Résumé de la thèse

«  Séduire les femmes pour s’apprécier entre hommes. Une socio-anthropologie des sociabilités masculines hétérosexuelles au sein de la Communauté de la séduction en France. »

Dans la conclusion de Masculin/Féminin. La pensée de la différence, Françoise Héritier invite de ses vœux le développement de travaux prenant pour objet principal la masculinité. Déplorant le silence, notamment de l’anthropologie dans ce champ, elle avance que « l’âge d’homme, c’est le trou noir et le référent ultime. » Plus d’une décennie suivant ce constat, l’homme – comme « catégorie socio-sexuée » – est resté caché sous les sciences sociales en dépit du fait que des chercheurs toujours plus nombreux lui consacrent à présent leurs travaux. C’est dans ce contexte scientifique spécifique que j’ai initié un travail ethnographique auprès d’un groupe constitué exclusivement d’hommes hétérosexuels dont l’objectif explicite est l’apprentissage de la séduction des femmes mettant en jeu l’ « expérience masculine ».

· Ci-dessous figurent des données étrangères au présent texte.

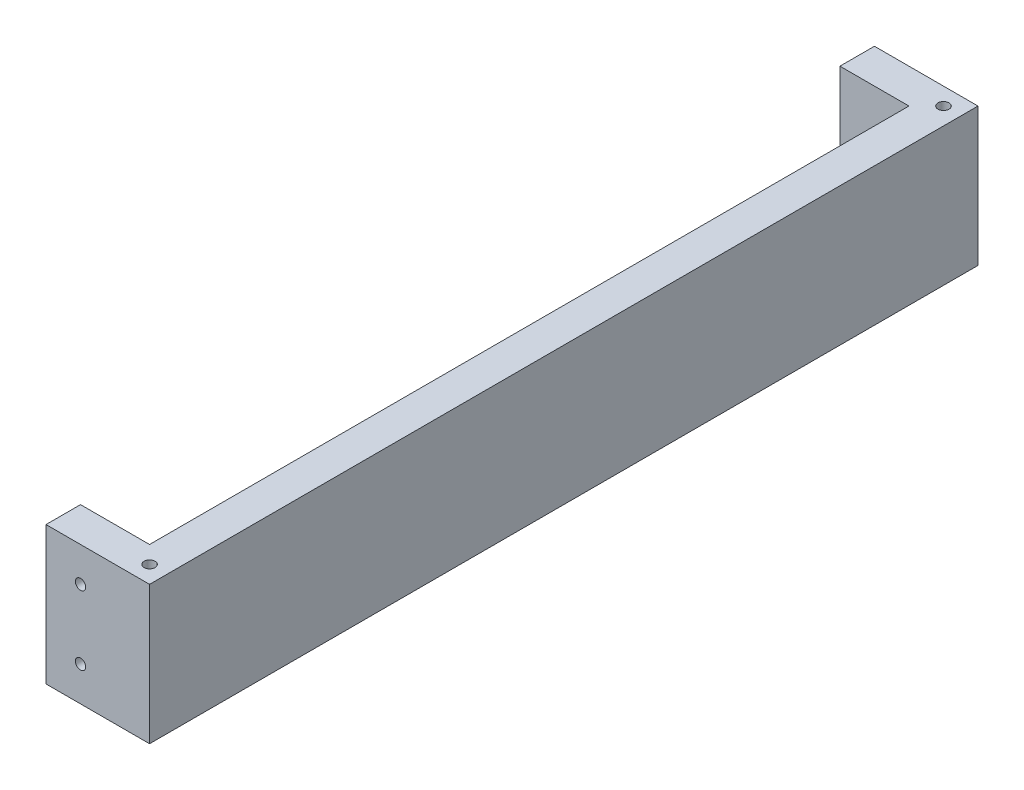
SolidWorks part; units mm, degrees
ref_plane "前视基准面" through (0, 0, 0) normal (0, 0, 1) x (1, 0, 0)
ref_plane "上视基准面" through (0, 0, 0) normal (0, 1, 0) x (1, 0, 0)
ref_plane "右视基准面" through (0, 0, 0) normal (1, 0, 0) x (0, 0, -1)
other "Configuration Table"
sketch "草图1" plane through (0, 0, 0) normal (0, 1, 0) x (1, 0, 0)
  line L5 (-1, -60) -> (1, -60)
  line L6 (-1, -60) -> (-1, 60)
  line L7 (-1, 60) -> (1, 60)
  line L8 (1, -60) -> (1, 60)
  line L9 (-1, -60) -> (1, 60) construction
  line L10 (-1, 60) -> (1, -60) construction
  point P0 (0, 0)
  dimension "D1" = 2
  dimension "D2" = 120
extrude "凸台-拉伸1" add sketch "草图1" along normal blind 2
sketch "草图3" plane through (1, 0, 0) normal (1, 0, 0) x (0, 0, -1)
  line L1 (-60, 0) -> (60, 0)
  line L2 (-60, 0) -> (-60, 20)
  line L3 (-60, 20) -> (60, 20)
  line L4 (60, 0) -> (60, 20)
  dimension "D1" = 20
extrude "凸台-拉伸3" add sketch "草图3" along normal blind 15
sketch "草图4" plane through (0, 0, 60) normal (0, 0, 1) x (1, 0, 0)
  line L1 (1, 20) -> (11, 20)
  line L2 (1, 20) -> (1, 9)
  line L3 (1, 9) -> (11, 9)
  line L4 (11, 20) -> (11, 9)
  dimension "D1" = 11
  dimension "D2" = 10
extrude "切除-拉伸1" cut sketch "草图4" against normal through all
sketch "草图5" plane through (0, 0, 0) normal (0, -1, 0) x (1, 0, 0)
  line L1 (1, 60) -> (-1, 60)
  line L2 (1, 60) -> (1, 43)
  line L3 (1, 43) -> (-1, 43)
  line L4 (-1, 60) -> (-1, 43)
  line L6 (-1, -60) -> (-1, 60) construction
  line L7 (-1, 60) -> (16, 60) construction
  line L9 (1, -60) -> (-1, -60)
  line L10 (1, -60) -> (1, -43)
  line L11 (1, -43) -> (-1, -43)
  line L12 (-1, -60) -> (-1, -43)
  line L13 (16, -60) -> (-1, -60) construction
  point P5 (0, 0)
  point P16 (0, 0)
  dimension "D1" = 2
  dimension "D2" = 17
extrude "切除-拉伸2" cut sketch "草图5" against normal through all
sketch "草图6" plane through (0, 9, 0) normal (0, 1, 0) x (1, 0, 0)
  line L0 (1, 60) -> (1, -60) construction
  line L1 (1, -55) -> (16, -55)
  line L2 (1, -55) -> (1, -60)
  line L3 (1, -60) -> (16, -60)
  line L4 (16, -55) -> (16, -60)
  line L5 (16, 60) -> (16, -60) construction
  line L6 (1, 60) -> (16, 60)
  line L7 (1, 60) -> (1, 55)
  line L8 (1, 55) -> (16, 55)
  line L9 (16, 60) -> (16, 55)
  dimension "D1" = 5
  dimension "D2" = 5
extrude "凸台-拉伸4" add sketch "草图6" along normal up to surface (11 mm away) up to face at (13.5, 20, 0)
sketch "草图7" plane through (0, 0, -60) normal (0, 0, -1) x (-1, 0, 0)
  line L0 (-6, 15) -> (-6, 5)
  line L1 (-1, 0) -> (-1, 20) construction
  line L2 (-16, 20) -> (-1, 20) construction
  line L3 (-16, 0) -> (-1, 0) construction
  line L4 (-16, 0) -> (-16, 20) construction
  circle A0 centre (-6, 15) radius 0.75
  circle A1 centre (-6, 5) radius 0.75
  dimension "D2" = 1.5
  dimension "D1" = 5
  dimension "D3" = 5
  dimension "D4" = 5
extrude "切除-拉伸3" cut sketch "草图7" against normal blind 2 contours A0 | A1
extrude "切除-拉伸4" cut sketch "草图7<3>" along normal blind 2 from surface contours A0 | A1 starting at face at (8.5, 10, 60)
sketch "草图7<3>" plane through (0, 0, -60) normal (0, 0, -1) x (-1, 0, 0) same geometry as "草图7"
sketch "草图8" plane through (0, 20, 0) normal (0, 1, 0) x (1, 0, 0)
  line L0 (16, -60) -> (1, -60) construction
  line L1 (16, 60) -> (16, -60) construction
  line L2 (16, 60) -> (1, 60) construction
  circle A0 centre (13.5, -57.5) radius 0.8
  circle A1 centre (13.5, 57.5) radius 0.8
  dimension "D3" = 1.6
  dimension "D1" = 2.5
  dimension "D2" = 2.5
  dimension "D4" = 2.5
  dimension "D5" = 2.5
extrude "切除-拉伸5" cut sketch "草图8" against normal blind 2

Ce groupe, apparu en Californie dans les années 90, est qualifié en France où j’ai mené l’enquête de « Communauté de la séduction ». Originairement organisé en groupe de paroles d’hommes, reprenant le modèle émergeant du coaching et du développement personnel, la Communauté de la séduction s’est progressivement déployée à l’échelle internationale grâce à l’important essor des réseaux sociaux numériques. Considérant cette structuration spécifique, l’enquête s’est portée simultanément sur l’observation des espaces « en ligne » et « hors ligne » où s’apprend la séduction et s’entretiennent les sociabilités de groupe. Le terrain a ainsi consisté à suivre les séminaires consacrés à la séduction organisés par les coachs dans divers espaces parisiens (café, salles de réunion, etc.), ainsi que les discussions conduites entre les apprentis séducteurs sur les sites Internet et les blogs de la Communauté. Afin de compléter ce corpus une série d’entretiens suivis a été menée avec une dizaine d’interlocuteurs durant les trois années de l’enquête. L’importante littérature grise produite par le groupe au travers d’articles et de livres, constitue un dernier mode de recueil des données.
Fondant mes analyses sur une expérience ethnographique de longue durée et multi-située, je montre comment l’entre soi masculin et la production de la masculinité, déterminants implicites et majeurs du groupe étudié, sont masqués sous ce qui finit par apparaître d’avantage comme un prétexte qu’un enjeu : le rapport aux femmes. Postulant que l’invisibilité du masculin n’est pas seulement le résultat de sa « neutralité » sociale – en tant que référent universel – mais une de ses qualités ontologiques, j’interroge les obstacles à une analyse sociologique de la masculinité et l’intérêt épistémologique d’emprunter un concept tel celui de « masculinité hégémonique », reprise de l’hégémonie gramscienne par Raewyn Connell, afin de penser la masculinité comme un processus intriqué dans la question du pouvoir.
En cela, cette thèse apporte un éclairage inédit à l’étude de la masculinité, de l’hétérosexualité et des sociabilités, en ce qu’elle croise empiriquement ces champs, ouvrant à une analyse dynamique et compréhensive de la fabrication du pouvoir.